▶ **Task brief**:
Once the line containing "Demux/1 -> [ild]" is found in the entries below, reproduce it and every line after it, stopping at and including the line containing "[ilq] -> Mux4/1"; reproduce nothing else, and keep each line exact.

▶ **Exercise data**:

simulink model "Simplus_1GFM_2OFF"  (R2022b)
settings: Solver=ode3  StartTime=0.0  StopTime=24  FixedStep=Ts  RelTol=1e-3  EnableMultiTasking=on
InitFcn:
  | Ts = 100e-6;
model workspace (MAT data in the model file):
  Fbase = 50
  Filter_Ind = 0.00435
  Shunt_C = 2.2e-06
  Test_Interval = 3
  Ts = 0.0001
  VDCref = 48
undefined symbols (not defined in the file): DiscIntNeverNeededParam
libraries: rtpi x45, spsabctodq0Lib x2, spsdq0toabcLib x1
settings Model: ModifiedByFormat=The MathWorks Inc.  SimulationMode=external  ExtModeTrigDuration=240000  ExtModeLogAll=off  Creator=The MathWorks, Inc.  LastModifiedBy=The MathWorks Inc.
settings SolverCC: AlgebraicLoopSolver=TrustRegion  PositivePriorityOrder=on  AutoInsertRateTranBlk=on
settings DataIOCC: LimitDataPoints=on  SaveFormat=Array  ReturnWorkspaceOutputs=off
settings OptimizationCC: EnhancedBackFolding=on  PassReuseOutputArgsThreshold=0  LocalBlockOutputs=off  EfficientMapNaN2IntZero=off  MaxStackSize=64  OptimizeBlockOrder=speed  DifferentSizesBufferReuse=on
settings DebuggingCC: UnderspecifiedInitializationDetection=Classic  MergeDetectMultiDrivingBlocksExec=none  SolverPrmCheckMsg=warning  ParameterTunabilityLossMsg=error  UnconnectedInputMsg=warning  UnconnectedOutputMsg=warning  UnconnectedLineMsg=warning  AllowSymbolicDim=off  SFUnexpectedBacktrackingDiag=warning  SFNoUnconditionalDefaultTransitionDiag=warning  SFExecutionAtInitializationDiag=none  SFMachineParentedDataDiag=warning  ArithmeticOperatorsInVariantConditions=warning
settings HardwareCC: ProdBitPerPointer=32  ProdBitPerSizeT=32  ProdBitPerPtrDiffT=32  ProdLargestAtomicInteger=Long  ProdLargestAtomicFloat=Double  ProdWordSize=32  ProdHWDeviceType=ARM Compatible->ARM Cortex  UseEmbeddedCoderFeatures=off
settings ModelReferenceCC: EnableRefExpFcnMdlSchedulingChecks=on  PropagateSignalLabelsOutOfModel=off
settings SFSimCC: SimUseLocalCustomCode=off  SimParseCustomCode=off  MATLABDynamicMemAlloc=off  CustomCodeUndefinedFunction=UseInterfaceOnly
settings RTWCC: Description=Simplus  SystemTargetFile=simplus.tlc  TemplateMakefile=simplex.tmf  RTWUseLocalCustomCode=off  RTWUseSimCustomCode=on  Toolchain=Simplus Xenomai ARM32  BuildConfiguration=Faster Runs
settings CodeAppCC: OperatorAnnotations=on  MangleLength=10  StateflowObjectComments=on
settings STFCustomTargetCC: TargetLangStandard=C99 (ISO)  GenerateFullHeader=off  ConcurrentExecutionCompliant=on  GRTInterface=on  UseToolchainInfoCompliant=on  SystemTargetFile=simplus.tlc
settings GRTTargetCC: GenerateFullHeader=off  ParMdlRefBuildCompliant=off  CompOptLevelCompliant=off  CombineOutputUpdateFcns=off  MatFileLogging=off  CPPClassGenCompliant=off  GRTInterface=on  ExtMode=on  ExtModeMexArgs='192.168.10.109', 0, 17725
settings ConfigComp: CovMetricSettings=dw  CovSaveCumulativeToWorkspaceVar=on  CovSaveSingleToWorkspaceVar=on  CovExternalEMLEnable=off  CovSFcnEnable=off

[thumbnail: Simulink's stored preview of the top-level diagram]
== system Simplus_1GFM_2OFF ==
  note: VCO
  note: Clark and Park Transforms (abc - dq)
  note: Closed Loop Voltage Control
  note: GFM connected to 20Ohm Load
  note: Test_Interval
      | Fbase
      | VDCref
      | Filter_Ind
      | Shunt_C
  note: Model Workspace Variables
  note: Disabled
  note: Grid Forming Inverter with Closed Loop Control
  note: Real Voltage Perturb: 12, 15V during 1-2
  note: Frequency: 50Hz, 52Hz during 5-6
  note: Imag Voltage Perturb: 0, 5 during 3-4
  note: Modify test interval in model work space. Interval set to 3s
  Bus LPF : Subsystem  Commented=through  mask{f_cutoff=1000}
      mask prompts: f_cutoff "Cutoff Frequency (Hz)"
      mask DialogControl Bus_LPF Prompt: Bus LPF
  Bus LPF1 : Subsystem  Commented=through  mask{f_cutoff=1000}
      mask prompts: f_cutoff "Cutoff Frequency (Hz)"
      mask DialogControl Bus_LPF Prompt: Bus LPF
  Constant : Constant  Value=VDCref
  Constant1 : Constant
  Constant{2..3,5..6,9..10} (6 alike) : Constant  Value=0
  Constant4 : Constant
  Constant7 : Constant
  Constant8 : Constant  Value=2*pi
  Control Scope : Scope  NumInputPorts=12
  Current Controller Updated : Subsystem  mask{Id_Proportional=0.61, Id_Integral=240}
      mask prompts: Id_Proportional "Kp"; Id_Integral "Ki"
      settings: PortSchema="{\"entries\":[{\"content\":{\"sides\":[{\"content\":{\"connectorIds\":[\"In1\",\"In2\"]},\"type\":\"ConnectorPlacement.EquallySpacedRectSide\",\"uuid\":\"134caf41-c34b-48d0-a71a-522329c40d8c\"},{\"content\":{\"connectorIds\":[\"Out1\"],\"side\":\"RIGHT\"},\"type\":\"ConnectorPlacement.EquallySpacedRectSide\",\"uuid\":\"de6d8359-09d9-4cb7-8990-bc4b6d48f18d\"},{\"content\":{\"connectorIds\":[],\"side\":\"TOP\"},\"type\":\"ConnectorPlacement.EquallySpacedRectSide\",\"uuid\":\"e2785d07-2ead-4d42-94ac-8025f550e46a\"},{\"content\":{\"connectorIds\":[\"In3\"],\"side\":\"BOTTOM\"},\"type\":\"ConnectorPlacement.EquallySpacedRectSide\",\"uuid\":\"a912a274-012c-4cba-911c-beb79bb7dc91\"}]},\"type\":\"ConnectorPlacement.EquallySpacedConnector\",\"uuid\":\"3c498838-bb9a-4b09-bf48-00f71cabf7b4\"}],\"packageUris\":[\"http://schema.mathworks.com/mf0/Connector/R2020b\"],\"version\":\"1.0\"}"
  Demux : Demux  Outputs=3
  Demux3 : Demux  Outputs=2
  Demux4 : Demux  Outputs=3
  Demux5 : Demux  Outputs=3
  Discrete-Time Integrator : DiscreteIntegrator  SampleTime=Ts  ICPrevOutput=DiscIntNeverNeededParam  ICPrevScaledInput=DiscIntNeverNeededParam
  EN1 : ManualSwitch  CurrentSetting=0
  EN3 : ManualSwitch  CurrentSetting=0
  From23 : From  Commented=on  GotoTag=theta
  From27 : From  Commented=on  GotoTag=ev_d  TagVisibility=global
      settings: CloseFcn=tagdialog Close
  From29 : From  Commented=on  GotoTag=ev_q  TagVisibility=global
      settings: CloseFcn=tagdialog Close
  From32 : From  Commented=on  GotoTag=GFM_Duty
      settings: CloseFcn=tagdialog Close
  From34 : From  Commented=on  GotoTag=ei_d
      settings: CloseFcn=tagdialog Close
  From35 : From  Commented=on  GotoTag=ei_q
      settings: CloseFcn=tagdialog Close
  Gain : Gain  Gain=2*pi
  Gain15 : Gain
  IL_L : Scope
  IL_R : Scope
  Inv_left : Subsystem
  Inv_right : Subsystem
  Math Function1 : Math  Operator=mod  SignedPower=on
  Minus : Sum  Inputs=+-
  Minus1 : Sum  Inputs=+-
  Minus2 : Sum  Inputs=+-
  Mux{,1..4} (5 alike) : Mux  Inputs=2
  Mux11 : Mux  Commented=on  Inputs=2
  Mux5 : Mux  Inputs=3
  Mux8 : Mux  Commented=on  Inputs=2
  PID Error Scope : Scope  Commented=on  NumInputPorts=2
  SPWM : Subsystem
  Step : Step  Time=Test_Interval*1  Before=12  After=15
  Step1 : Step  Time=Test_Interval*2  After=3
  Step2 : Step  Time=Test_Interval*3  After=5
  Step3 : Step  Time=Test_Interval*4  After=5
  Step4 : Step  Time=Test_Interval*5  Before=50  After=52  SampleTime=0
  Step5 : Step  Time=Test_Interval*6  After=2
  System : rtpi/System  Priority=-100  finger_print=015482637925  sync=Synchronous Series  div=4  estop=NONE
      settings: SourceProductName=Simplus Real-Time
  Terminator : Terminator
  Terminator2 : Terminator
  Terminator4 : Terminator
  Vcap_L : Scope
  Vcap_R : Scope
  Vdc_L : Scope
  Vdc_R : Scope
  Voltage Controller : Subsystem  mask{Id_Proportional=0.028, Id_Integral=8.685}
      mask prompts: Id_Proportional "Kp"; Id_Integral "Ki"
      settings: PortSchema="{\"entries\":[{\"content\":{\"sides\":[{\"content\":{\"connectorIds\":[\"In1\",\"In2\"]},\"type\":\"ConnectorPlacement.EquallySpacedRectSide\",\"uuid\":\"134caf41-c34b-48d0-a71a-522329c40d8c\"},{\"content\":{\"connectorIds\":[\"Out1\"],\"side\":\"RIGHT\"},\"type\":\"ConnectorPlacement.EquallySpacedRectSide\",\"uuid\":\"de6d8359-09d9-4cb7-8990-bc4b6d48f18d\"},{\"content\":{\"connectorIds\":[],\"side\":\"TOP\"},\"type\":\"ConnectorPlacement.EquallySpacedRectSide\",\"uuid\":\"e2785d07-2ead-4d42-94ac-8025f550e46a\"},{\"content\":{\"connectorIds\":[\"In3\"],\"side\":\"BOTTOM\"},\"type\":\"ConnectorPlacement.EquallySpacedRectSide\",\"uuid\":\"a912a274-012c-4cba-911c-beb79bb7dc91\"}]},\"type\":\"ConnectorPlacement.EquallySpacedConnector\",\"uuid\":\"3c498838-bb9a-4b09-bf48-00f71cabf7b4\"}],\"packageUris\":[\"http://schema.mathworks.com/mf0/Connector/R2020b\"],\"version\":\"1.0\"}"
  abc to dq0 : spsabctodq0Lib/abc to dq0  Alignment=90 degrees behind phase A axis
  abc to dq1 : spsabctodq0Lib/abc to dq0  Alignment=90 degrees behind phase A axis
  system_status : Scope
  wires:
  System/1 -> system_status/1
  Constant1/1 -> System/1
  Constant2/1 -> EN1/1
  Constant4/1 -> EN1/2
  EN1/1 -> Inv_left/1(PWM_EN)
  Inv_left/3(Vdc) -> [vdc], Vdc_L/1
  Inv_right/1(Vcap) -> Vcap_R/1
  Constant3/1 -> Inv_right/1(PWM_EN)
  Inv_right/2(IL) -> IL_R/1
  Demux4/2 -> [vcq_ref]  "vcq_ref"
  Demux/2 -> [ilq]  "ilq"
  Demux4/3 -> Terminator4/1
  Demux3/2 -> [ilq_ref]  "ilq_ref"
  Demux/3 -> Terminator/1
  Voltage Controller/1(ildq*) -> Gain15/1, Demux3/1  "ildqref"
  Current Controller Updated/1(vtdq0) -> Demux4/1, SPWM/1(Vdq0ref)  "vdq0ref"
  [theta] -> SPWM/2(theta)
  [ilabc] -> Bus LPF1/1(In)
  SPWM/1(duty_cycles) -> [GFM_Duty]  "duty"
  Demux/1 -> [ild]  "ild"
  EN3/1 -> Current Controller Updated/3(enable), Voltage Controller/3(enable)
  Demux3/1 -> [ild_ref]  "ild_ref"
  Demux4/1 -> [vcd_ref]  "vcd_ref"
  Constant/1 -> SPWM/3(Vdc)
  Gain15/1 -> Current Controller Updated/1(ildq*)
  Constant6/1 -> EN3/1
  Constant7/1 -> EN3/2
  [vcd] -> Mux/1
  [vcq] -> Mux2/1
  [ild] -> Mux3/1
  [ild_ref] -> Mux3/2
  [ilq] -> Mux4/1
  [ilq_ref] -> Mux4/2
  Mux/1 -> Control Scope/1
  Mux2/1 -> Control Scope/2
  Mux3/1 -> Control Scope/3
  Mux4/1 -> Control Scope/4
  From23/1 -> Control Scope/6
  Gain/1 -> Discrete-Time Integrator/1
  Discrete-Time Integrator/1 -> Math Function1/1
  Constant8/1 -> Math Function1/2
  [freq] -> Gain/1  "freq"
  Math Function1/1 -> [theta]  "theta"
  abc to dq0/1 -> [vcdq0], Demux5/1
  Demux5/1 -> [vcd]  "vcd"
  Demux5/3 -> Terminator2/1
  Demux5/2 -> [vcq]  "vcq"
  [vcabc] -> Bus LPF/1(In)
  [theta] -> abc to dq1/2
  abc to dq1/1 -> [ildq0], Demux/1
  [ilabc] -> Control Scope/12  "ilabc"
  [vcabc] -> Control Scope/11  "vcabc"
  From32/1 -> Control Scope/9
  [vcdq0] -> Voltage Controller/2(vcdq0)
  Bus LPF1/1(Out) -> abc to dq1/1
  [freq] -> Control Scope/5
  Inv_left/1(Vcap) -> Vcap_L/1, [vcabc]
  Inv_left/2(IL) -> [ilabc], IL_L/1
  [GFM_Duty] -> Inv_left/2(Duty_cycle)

▶ **Answer to this task**:
  Demux/1 -> [ild]  "ild"
  EN3/1 -> Current Controller Updated/3(enable), Voltage Controller/3(enable)
  Demux3/1 -> [ild_ref]  "ild_ref"
  Demux4/1 -> [vcd_ref]  "vcd_ref"
  Constant/1 -> SPWM/3(Vdc)
  Gain15/1 -> Current Controller Updated/1(ildq*)
  Constant6/1 -> EN3/1
  Constant7/1 -> EN3/2
  [vcd] -> Mux/1
  [vcq] -> Mux2/1
  [ild] -> Mux3/1
  [ild_ref] -> Mux3/2
  [ilq] -> Mux4/1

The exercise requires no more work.